# BTL IO 10 years lapsed - Monthly Payment Increase from €165 to €2850



## delgirl (19 Sep 2014)

I understand from this post by Brendan that other BTL investors who purchased property using IO mortgages between 2004 and 2008 may find themselves in the same boat as the person below.

Olive Moran, Bank of Ireland Mortgages Manager, has stated that some 75% of Bank of Ireland investment customers have availed of the bank’s ten-year interest-only mortgage.

A neighbour of mine has come to me with a predicament in which her son finds himself and I would be grateful if someone who has some experience of this situation could let me know what the best course of action for him is or who he can seek detailed help / advice from before he speaks to the bank.

- Property cost in 2004 €195,000 - currently worth around €120,000 
- BOI IO Tracker Loan taken in 2004 for €180,000 - 15 year term
- IO period has ended after 10 years* and reverts to P&I
(*he says this wasn't explained to him when he took out the mortgage, otherwise he would have opted for P&I from the start)
- No arrears on the loan and never any late payments
- Current monthly payment IO Tracker - €165
- Payment due as from Jan 2015 P&I - *€2,850 monthly for remaining 5 years!*

He lives at his mother's home - so no PPR mortgage
Has no debts at all - not even credit card, pays the balance each month
Earns ca. €50,000 per annum

BOI have asked him to complete an SFS (Standard Financial Statement) and a Mortgage Negotiator will call him on 2nd October to discuss his situation.

Anyone any idea if it will be likely that BOI will grant an increase the term of the mortgage from say 15 to 20 years and to spread the P&I payments over this period?

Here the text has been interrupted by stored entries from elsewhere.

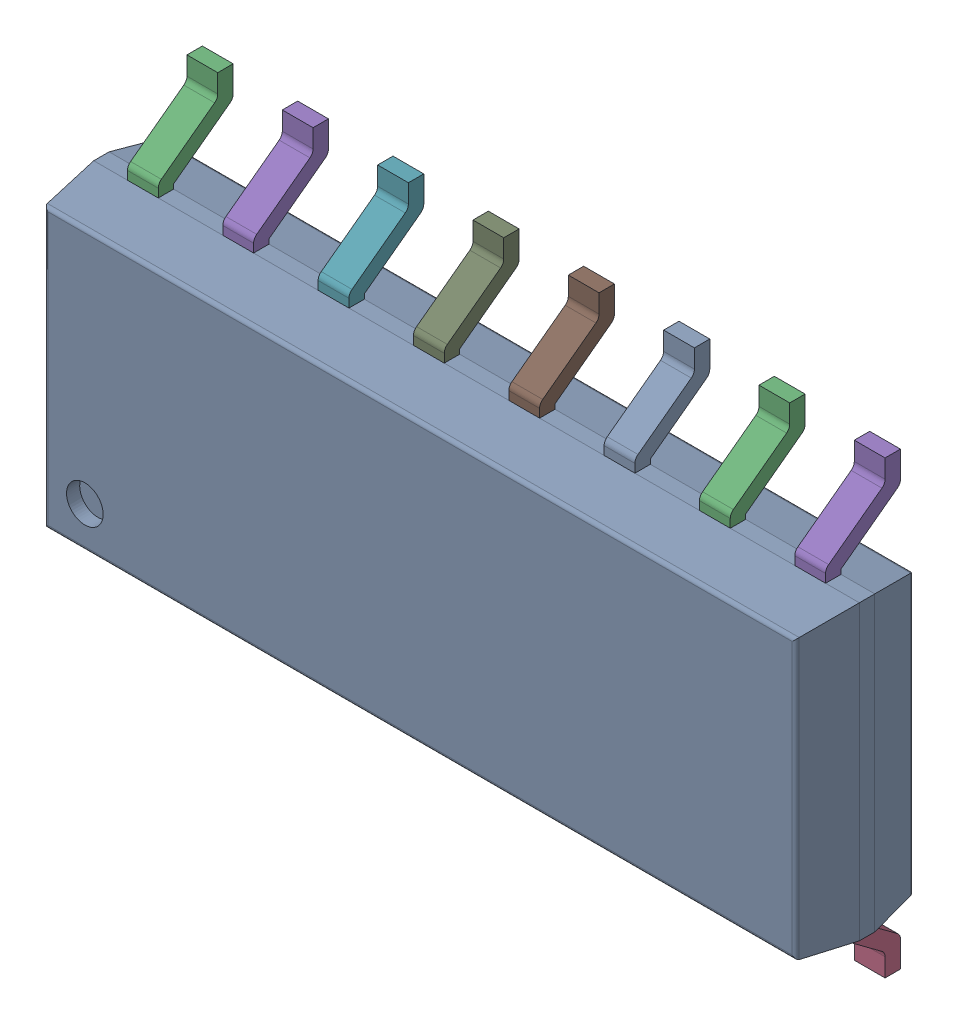
SolidWorks assembly IC16_1.step, configuration Default. Lengths in mm.
Overall size (10.2 6 1.75).
3 component instances, 2 part files, 0 mates.
Components (placement in the parent):
- 6348803008_1.step-3: 6348803008_1.step [Default] at (520.065 271.75 0) x (0 1 0) z (0 0 1) size (6 10.2 1.75)
  - Body-14_1.step-8: Body-14_1.step [Default] at origin size (3.9 10.2 1.57)
  - PinsArrayLR-15_1.step-8: PinsArrayLR-15_1.step [Default] at origin size (6 9.3 1)

If he could extend the remaining term to 10 years, he could afford to pay the P&I.

Any advice appreciated.  Thanks.


----------



## Monbretia (19 Sep 2014)

What age is he?  I would imagine they will extend it if it means he can pay the repayments.

I don't buy that it wasn't explained to him about the interest only, did he really think he would have a loan of 180k only costing him €165 per month.    When he was signing the loan offer with the solicitor the terms would normally be gone through too so methinks he wasn't listening rather than not being told.


----------



## dereko1969 (19 Sep 2014)

There's no way he didn't know what he was getting into, selective amnesia it seems.


----------



## delgirl (19 Sep 2014)

He's 38, so I suppose that would bode well for him to have the term increased.

Is there any hope of him increasing the term and retaining the tracker?


----------



## Mrs Vimes (19 Sep 2014)

delgirl said:


> He's 38, so I suppose that would bode well for him to have the term increased.
> 
> Is there any hope of him increasing the term and retaining the tracker?



Plenty of us 38-year-olds with a lot more that 10 years left on the mortgage 

He may need to argue to keep the tracker.


----------



## elacsaplau (20 Sep 2014)

Hi Delgirl

I'd be interested to learn what did your neighbour's son believe in relation to his contract with the bank?


----------



## Bronte (22 Sep 2014)

delgirl said:


> - BOI IO Tracker Loan taken in 2004 for €180,000 - 15 year term
> - IO period has ended after 10 years* and reverts to P&I
> (*he says this wasn't explained to him when he took out the mortgage, otherwise he would have opted for P&I from the start)
> Thanks.


 
What's his rental income on the investment? I find it hard to believe he didn't understand what he was getting into, there was nothing to stop him at any stage paying down the capital amount from rent. 

Where is the 10 years of rent?  That's an unbelievable low tracker, around 1%.  What exactly did he plan on doing when the 10 years were up, did he not think about that?

You mentioned a figure there of 75% of BofI investors got IO of 10 years, surely that only applied to some years?

Your friend needs to extend the term, that is the best solution, not sure the bank will agree, I imagine they will want to take back the trackers as it is losing them money.  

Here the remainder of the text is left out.